Filing taxes – it’s one of the most pressing concerns of the Filipino people come tax season. From the high tax rates to the tedious filing process, the Philippine tax system is under plenty of scrutinies. Just recently, auditing and tax advising firm Pricewaterhouse Coopers (PwC) released its Paying Taxes 2015 study. The research provided tax-related information on 189 economies. Data included in the study are the total tax rate per country, the average number of hours taken to file taxes (for companies), and various case studies from different economies.
The Philippines ranked 127th out of 189 economies when it comes to the ease of paying taxes. The country ranks behind even Iraq and Afghanistan, two countries plagued with war and political crises. In the Philippines, it takes 193 hours to pay 36 kinds of taxes (for companies) versus the 4 tax payments in United Arab Emirates (UAE) and Qatar, both tied in 1st place. For UAE-based companies, it takes 12 hours to pay the 4 taxes while it takes 41 hours for those in Qatar. Below are difficulties Philippine taxpayers and corporations encounter during tax season:
- difficult tax structure
- inefficient filing process
- inaccessibility of the online platform
- multiple documentary requirements (for self-employed individuals)
- outdated tax rates
With the problems above, it’s no surprise it takes almost 200 hours to file and pay taxes in the Philippines.
Just last April 15, during filing season, Filipinos expressed distress over the BIR’s e-filing system. A month before the deadline for filing taxes, the BIR issued a new regulation mandating that all taxpayers file their tax returns electronically. What about those who had no immediate access to a computer and internet connection?
Worse, non-compliance will be subjected to a fine of Php 1,000 plus a penalty amounting to 25% of the tax due. The e-filing system is a good start and is bound to make the process more efficient and convenient; however, during the last few days before the deadline, the BIR website experienced glitches and lags. When taxpayers attempted to file online, the website failed to load and during downtimes, they couldn’t complete the process and were at risk of paying the fine and penalty.
In relation to the PwC study, electronic systems for paying taxes have shown improvement in the processing time of tax filing. If the BIR’s e-filing system is free of bugs, lags, and glitches, then the 193 hours it takes to pay taxes will definitely improve. Aside from the processing time, another concern when it comes to taxes is the high tax rates. The Philippines’ total tax rate, at 42.5%, is 6.2% higher than the Asia-Pacific average. If you look at the chart below, you’ll see that the Philippines has the second highest tax rate in the region, trailing only behind Myanmar.
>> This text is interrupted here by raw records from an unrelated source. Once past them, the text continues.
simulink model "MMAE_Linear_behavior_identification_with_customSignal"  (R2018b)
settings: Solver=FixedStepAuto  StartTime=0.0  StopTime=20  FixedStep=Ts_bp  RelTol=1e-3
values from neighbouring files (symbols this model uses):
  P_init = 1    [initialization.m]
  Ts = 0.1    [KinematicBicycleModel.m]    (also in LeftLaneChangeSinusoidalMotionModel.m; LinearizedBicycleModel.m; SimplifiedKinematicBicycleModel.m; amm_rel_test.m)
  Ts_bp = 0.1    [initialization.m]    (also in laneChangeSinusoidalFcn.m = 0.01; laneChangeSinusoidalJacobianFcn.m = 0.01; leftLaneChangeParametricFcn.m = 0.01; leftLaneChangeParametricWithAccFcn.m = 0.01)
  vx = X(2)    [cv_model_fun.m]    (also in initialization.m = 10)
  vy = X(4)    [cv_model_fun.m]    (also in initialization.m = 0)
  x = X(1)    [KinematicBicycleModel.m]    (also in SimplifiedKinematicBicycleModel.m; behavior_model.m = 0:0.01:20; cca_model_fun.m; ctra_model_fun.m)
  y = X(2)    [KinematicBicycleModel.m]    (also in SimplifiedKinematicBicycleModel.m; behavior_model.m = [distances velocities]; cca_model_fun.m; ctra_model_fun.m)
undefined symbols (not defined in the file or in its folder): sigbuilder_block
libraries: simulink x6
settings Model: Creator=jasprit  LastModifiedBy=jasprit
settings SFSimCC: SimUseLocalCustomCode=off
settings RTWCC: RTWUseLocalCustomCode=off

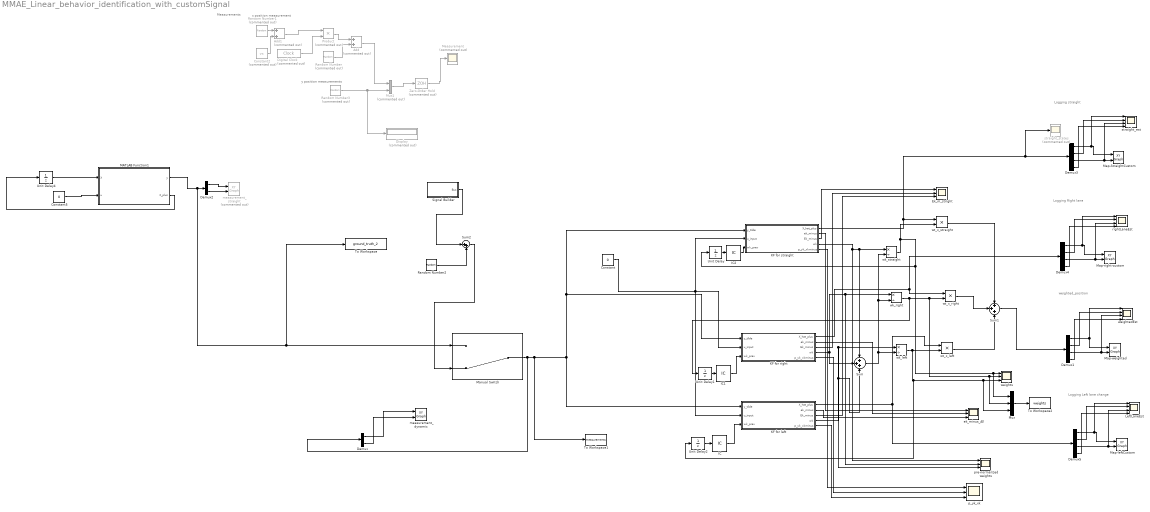
== system MMAE_Linear_behavior_identification_with_customSignal ==
  note: Logging Left lane change
  note: Logging straight
  note: Logging Right lane
  note: y position measurements
  note: x position measurement
  note: Measurements
  note: weighted_position
  Add : Sum  Commented=on
  Add1 : Sum  Commented=on
  Constant : Constant  Value=0
  Constant2 : Constant  Commented=on  Value=vx  SampleTime=Ts
  Constant5 : Constant  Value=0  SampleTime=-1
  Demux : Demux  Outputs=2
  Demux{1,3..5} (4 alike) : Demux
  Demux2 : Demux  Outputs=2
  Digital Clock : DigitalClock  Commented=on  SampleTime=Ts
  Display : Display  Commented=on
  Ek_m_stright : Scope  NumInputPorts=3
  IC : InitialCondition  Value=1/3
  IC1 : InitialCondition  Value=1/3
  IC2 : InitialCondition  Value=1/3
  "KF for left " : Subsystem
  KF for right : Subsystem
  KF for straight : Subsystem
  LeftLaneEst : Scope  NumInputPorts=4
  MATLAB Function1 : MATLAB Function  TreatAsAtomicUnit=on
  Manual Switch : ManualSwitch  CurrentSetting=0
  Map-StraightCustom : simulink/Sinks/XY Graph  xmin=-1  xmax=200  ymin=-20  ymax=20  st=-1
  Map-leftCustom : simulink/Sinks/XY Graph  xmin=-1  xmax=300  ymin=-5  ymax=5  st=-1
  Map-right-custom : simulink/Sinks/XY Graph  xmin=-1  xmax=300  ymin=-5  ymax=5  st=-1
  Map-weighted : simulink/Sinks/XY Graph  xmin=-1  xmax=300  ymin=-5  ymax=5  st=-1
  "Measurement " : Scope  Commented=on
  Mux : Mux  Inputs=3
  Mux1 : Mux  Commented=on  Inputs=2
  Product : Product  Commented=on
  Random Number : RandomNumber  Commented=on  Variance=0.0025  SampleTime=Ts
  Random Number1 : RandomNumber  Commented=on  Variance=0.0025  SampleTime=Ts
  Random Number2 : RandomNumber  Variance=0.0025  SampleTime=Ts_bp
  Random Number3 : RandomNumber  Commented=on  Variance=0.0025  SampleTime=Ts
  Signal Builder : Subsystem  Tag=STV Subsys  LoadFcn=sigbuilder_block('load');  StartFcn=sigbuilder_block('start');  StopFcn=sigbuilder_block('stop');  ClipboardFcn=sigbuilder_block('clipboard');  mask(Sigbuilder block){tuvar=[0:10]}
      mask help: Simulink:masks:SigbuilderBlock_MD
      mask init:
      | if ~strcmp(get_param(bdroot(gcbh),'SimulationStatus'),'stopped') tuvar = sigbuilder_block('maskInit'); end
      settings: CopyFcn=sigbuilder_block('copy');  DeleteFcn=sigbuilder_block('delete');  ModelCloseFcn=sigbuilder_block('modelClose');  PreSaveFcn=sigbuilder_block('preSave');  PauseFcn=sigbuilder_block('pause');  ContinueFcn=sigbuilder_block('continue');  NameChangeFcn=sigbuilder_block('namechange');  OpenFcn=sigbuilder_block('open',[552.75 8.25 565.5 444.75 ]);  CloseFcn=sigbuilder_block('close');
      mask Display: plot(0, 0, 100, 100,[2, 2, 32, 32, 2], [68, 8, 8, 68, 68],[32, 2], [38, 38], [32, 19, 2],[53, 60, 44], [32, 17, 17, 2],[16, 16, 31, 31]);txt = getActiveGroup(gcbh);text(2, 100, txt,'verticalAlignment', 'top');
  Sum : Sum  Inputs=+++
  Sum1 : Sum  Inputs=+++
  Sum2 : Sum  Inputs=|++
  To Workspace : ToWorkspace  VariableName=ground_truth_2  SaveFormat=Timeseries  SampleTime=-1
  To Workspace1 : ToWorkspace  VariableName=measurements  SaveFormat=Timeseries  SampleTime=-1
  To Workspace2 : ToWorkspace  VariableName=weights  SaveFormat=Timeseries  SampleTime=-1
  Unit Delay : UnitDelay  SampleTime=-1
  Unit Delay1 : UnitDelay  SampleTime=-1
  Unit Delay2 : UnitDelay  SampleTime=-1
  Unit Delay4 : UnitDelay  InitialCondition=[x vx y vy]  SampleTime=Ts_bp
  Zero-Order Hold : ZeroOrderHold  Commented=on  SampleTime=Ts
  ek_minus_All : Scope  NumInputPorts=3
  measurement_dynamic : simulink/Sinks/XY Graph  xmin=-1  xmax=700  ymin=-5  ymax=20  st=-1
  measurement_straight : simulink/Sinks/XY Graph  Commented=on  xmin=-1  xmax=200  ymin=-5  ymax=5  st=-1
  p_yk_xk : Scope  NumInputPorts=3
  pre-normalized weights : Scope  NumInputPorts=3
  rightLaneEst : Scope  NumInputPorts=4
  straight_est : Scope  NumInputPorts=4
  straight_states : Scope  Commented=on
  weightedEst : Scope  NumInputPorts=4
  weights : Scope  NumInputPorts=3
  wk_left : Product  Inputs=*/
  wk_right : Product  Inputs=*/
  wk_straight : Product  Inputs=*/
  wt_x_left : Product  Inputs=**
  wt_x_right : Product  Inputs=**
  wt_x_straight : Product  Inputs=**
  wires:
  Constant2/1 -> Add1/2
  Digital Clock/1 -> Product/2
  Product/1 -> Add/1
  Random Number/1 -> Add/2
  Add/1 -> Mux1/1
  Mux1/1 -> Zero-Order Hold/1
  Random Number3/1 -> Display/1, Mux1/2
  Zero-Order Hold/1 -> "Measurement "/1
  Demux3/1 -> straight_est/1, Map-StraightCustom/1
  Demux3/4 -> straight_est/4
  Demux3/2 -> straight_est/2
  Demux3/3 -> Map-StraightCustom/2, straight_est/3
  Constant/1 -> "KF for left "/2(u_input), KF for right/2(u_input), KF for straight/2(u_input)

There’s a lot of room for improvement when it comes to the Philippine tax system. In recent months, leaders of Congress have continued to push for lower income taxes for both personal and corporate taxes. Speaker Feliciano “Sonny” Belmonte, Jr. stated that majority leaders of the House of Representatives would pursue the bill and continue to seek the support in both chambers of Congress when sessions resume in November.
“The value of money is going down pero ‘yung mga rates not only of income tax haven’t been resolved in a long time. So on that principle, yes, readjust them with the values they had,” said Belmonte in an August interview with the Philippine Daily Inquirer.
There are at least three bills (House Bill 4829, House Bill 5401, Senate Bill 2149) relating to the push for lower income taxes. Amendments in the tax reform bills include:
- Raise the tax exemption ceiling to Php 150,000. (Minimum wage earners are exempted from paying taxes. Minimum wages vary per region.)
- Lower the current 32% income tax rate
- Raising taxable income ceiling to Php 10 million from Php 500,000 (This is the amount of your income that is subject to income tax.)
- Lessen tax brackets to three or four from the current seven
- Lower corporate tax rate to 25% from 30%
Lower income taxes will be a breath of fresh air for Filipinos; however, decreasing tax rates will have repercussions on the government budget and its spending liquidity. If income rates are lowered, revenues from the government will decrease by Php 29 billion as pegged by the Department of Finance (DOF). To combat this, the DOF proposes to increase the value added tax (VAT) to 14% from the current 12% to make up for the losses from lowering income tax rates.
There is no doubt that reforming the tax system is an important priority. This would lighten up the burden on Filipinos not only when it comes to the filing process but to their financials as well. If the income tax reform bill is approved and the BIR improves its e-filing system, the Philippines may improve its ranking on the next Paying Taxes study.
A more efficient tax system will also translate to improvements in doing business in the country which can drive the economy. As stated in the PwC study, “Enabling businesses to spend less time on tax compliance and more time on building on the business and contributing to economic growth is clearly a valuable objective that is worthy of additional study and analysis.”